WHAT TO WORK ON: Your answer must repeat all of the entries word for word, without any images.
========================================
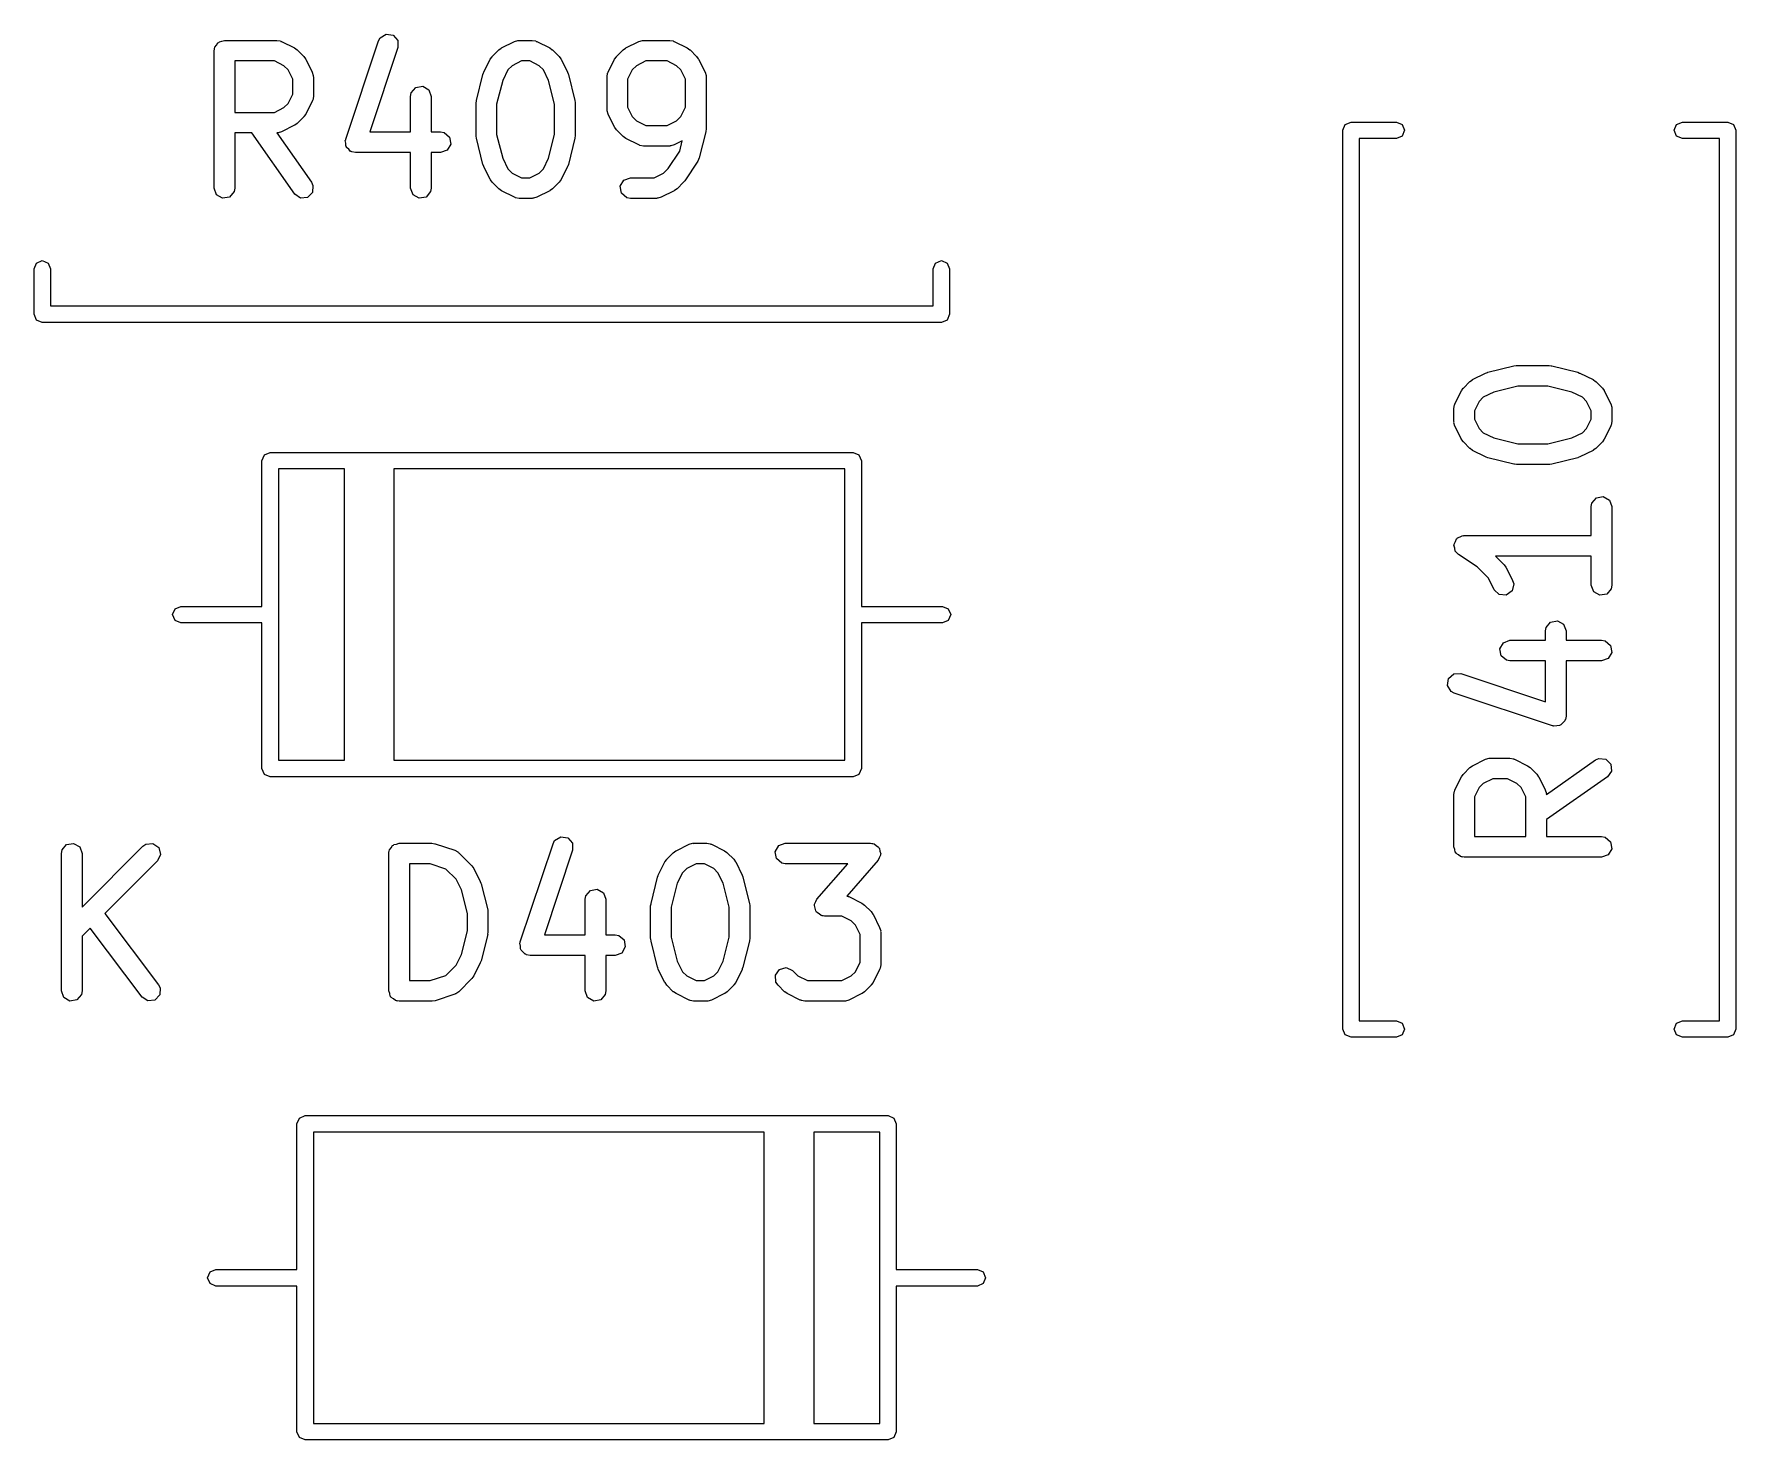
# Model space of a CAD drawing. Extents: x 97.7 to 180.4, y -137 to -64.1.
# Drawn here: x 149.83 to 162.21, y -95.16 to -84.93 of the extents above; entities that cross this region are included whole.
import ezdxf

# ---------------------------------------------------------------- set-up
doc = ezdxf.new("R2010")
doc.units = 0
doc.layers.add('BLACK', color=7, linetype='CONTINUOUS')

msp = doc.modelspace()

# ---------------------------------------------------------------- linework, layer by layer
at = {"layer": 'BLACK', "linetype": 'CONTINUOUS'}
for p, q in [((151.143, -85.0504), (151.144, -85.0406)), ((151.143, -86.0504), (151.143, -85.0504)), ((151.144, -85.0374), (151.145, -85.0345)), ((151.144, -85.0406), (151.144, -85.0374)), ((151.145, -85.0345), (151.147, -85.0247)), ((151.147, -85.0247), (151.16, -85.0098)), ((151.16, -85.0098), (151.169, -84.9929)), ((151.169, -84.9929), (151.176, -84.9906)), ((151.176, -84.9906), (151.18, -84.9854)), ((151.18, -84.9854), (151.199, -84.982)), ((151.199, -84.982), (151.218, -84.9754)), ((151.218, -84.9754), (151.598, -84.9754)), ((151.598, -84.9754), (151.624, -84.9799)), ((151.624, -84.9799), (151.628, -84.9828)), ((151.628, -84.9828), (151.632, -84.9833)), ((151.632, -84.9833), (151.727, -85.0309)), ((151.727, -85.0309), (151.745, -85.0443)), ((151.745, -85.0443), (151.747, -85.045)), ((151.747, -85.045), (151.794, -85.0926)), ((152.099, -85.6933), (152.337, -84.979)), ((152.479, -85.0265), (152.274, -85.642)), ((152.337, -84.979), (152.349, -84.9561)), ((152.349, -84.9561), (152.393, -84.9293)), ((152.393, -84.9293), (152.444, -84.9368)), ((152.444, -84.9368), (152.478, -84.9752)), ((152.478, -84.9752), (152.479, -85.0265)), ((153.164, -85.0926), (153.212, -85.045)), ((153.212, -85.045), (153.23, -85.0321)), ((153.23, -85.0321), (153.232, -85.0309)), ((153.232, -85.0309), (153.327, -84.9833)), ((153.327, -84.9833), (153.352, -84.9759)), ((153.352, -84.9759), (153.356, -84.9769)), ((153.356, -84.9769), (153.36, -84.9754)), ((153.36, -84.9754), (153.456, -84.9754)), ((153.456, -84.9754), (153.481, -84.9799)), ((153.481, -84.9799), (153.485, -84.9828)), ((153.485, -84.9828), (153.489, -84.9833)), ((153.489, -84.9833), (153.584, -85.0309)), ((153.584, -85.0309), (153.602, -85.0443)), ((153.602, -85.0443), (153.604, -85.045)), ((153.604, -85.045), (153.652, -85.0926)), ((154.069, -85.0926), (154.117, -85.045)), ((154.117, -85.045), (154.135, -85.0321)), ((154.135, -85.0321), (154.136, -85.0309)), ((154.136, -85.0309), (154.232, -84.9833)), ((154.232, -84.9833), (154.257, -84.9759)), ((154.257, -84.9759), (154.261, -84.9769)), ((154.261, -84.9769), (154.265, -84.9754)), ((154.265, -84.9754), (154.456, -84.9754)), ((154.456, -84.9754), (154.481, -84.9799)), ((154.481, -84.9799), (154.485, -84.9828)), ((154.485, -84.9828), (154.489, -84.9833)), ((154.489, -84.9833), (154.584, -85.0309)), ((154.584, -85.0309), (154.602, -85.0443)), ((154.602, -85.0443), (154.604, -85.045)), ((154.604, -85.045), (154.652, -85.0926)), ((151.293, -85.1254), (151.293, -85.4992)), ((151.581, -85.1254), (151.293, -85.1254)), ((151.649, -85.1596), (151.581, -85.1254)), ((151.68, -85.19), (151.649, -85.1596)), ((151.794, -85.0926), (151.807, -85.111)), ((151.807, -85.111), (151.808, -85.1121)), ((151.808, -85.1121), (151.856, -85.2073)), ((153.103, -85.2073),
========================================
YOUR SOLUTION:
# Model space of a CAD drawing. Extents: x 97.7 to 180.4, y -137 to -64.1.
# Drawn here: x 149.83 to 162.21, y -95.16 to -84.93 of the extents above; entities that cross this region are included whole.
import ezdxf

# ---------------------------------------------------------------- set-up
doc = ezdxf.new("R2010")
doc.units = 0
doc.layers.add('BLACK', color=7, linetype='CONTINUOUS')

msp = doc.modelspace()

# ---------------------------------------------------------------- linework, layer by layer
at = {"layer": 'BLACK', "linetype": 'CONTINUOUS'}
for p, q in [((151.143, -85.0504), (151.144, -85.0406)), ((151.143, -86.0504), (151.143, -85.0504)), ((151.144, -85.0374), (151.145, -85.0345)), ((151.144, -85.0406), (151.144, -85.0374)), ((151.145, -85.0345), (151.147, -85.0247)), ((151.147, -85.0247), (151.16, -85.0098)), ((151.16, -85.0098), (151.169, -84.9929)), ((151.169, -84.9929), (151.176, -84.9906)), ((151.176, -84.9906), (151.18, -84.9854)), ((151.18, -84.9854), (151.199, -84.982)), ((151.199, -84.982), (151.218, -84.9754)), ((151.218, -84.9754), (151.598, -84.9754)), ((151.598, -84.9754), (151.624, -84.9799)), ((151.624, -84.9799), (151.628, -84.9828)), ((151.628, -84.9828), (151.632, -84.9833)), ((151.632, -84.9833), (151.727, -85.0309)), ((151.727, -85.0309), (151.745, -85.0443)), ((151.745, -85.0443), (151.747, -85.045)), ((151.747, -85.045), (151.794, -85.0926)), ((152.099, -85.6933), (152.337, -84.979)), ((152.479, -85.0265), (152.274, -85.642)), ((152.337, -84.979), (152.349, -84.9561)), ((152.349, -84.9561), (152.393, -84.9293)), ((152.393, -84.9293), (152.444, -84.9368)), ((152.444, -84.9368), (152.478, -84.9752)), ((152.478, -84.9752), (152.479, -85.0265)), ((153.164, -85.0926), (153.212, -85.045)), ((153.212, -85.045), (153.23, -85.0321)), ((153.23, -85.0321), (153.232, -85.0309)), ((153.232, -85.0309), (153.327, -84.9833)), ((153.327, -84.9833), (153.352, -84.9759)), ((153.352, -84.9759), (153.356, -84.9769)), ((153.356, -84.9769), (153.36, -84.9754)), ((153.36, -84.9754), (153.456, -84.9754)), ((153.456, -84.9754), (153.481, -84.9799)), ((153.481, -84.9799), (153.485, -84.9828)), ((153.485, -84.9828), (153.489, -84.9833)), ((153.489, -84.9833), (153.584, -85.0309)), ((153.584, -85.0309), (153.602, -85.0443)), ((153.602, -85.0443), (153.604, -85.045)), ((153.604, -85.045), (153.652, -85.0926)), ((154.069, -85.0926), (154.117, -85.045)), ((154.117, -85.045), (154.135, -85.0321)), ((154.135, -85.0321), (154.136, -85.0309)), ((154.136, -85.0309), (154.232, -84.9833)), ((154.232, -84.9833), (154.257, -84.9759)), ((154.257, -84.9759), (154.261, -84.9769)), ((154.261, -84.9769), (154.265, -84.9754)), ((154.265, -84.9754), (154.456, -84.9754)), ((154.456, -84.9754), (154.481, -84.9799)), ((154.481, -84.9799), (154.485, -84.9828)), ((154.485, -84.9828), (154.489, -84.9833)), ((154.489, -84.9833), (154.584, -85.0309)), ((154.584, -85.0309), (154.602, -85.0443)), ((154.602, -85.0443), (154.604, -85.045)), ((154.604, -85.045), (154.652, -85.0926)), ((151.293, -85.1254), (151.293, -85.4992)), ((151.581, -85.1254), (151.293, -85.1254)), ((151.649, -85.1596), (151.581, -85.1254)), ((151.68, -85.19), (151.649, -85.1596)), ((151.794, -85.0926), (151.807, -85.111)), ((151.807, -85.111), (151.808, -85.1121)), ((151.808, -85.1121), (151.856, -85.2073)), ((153.103, -85.2073),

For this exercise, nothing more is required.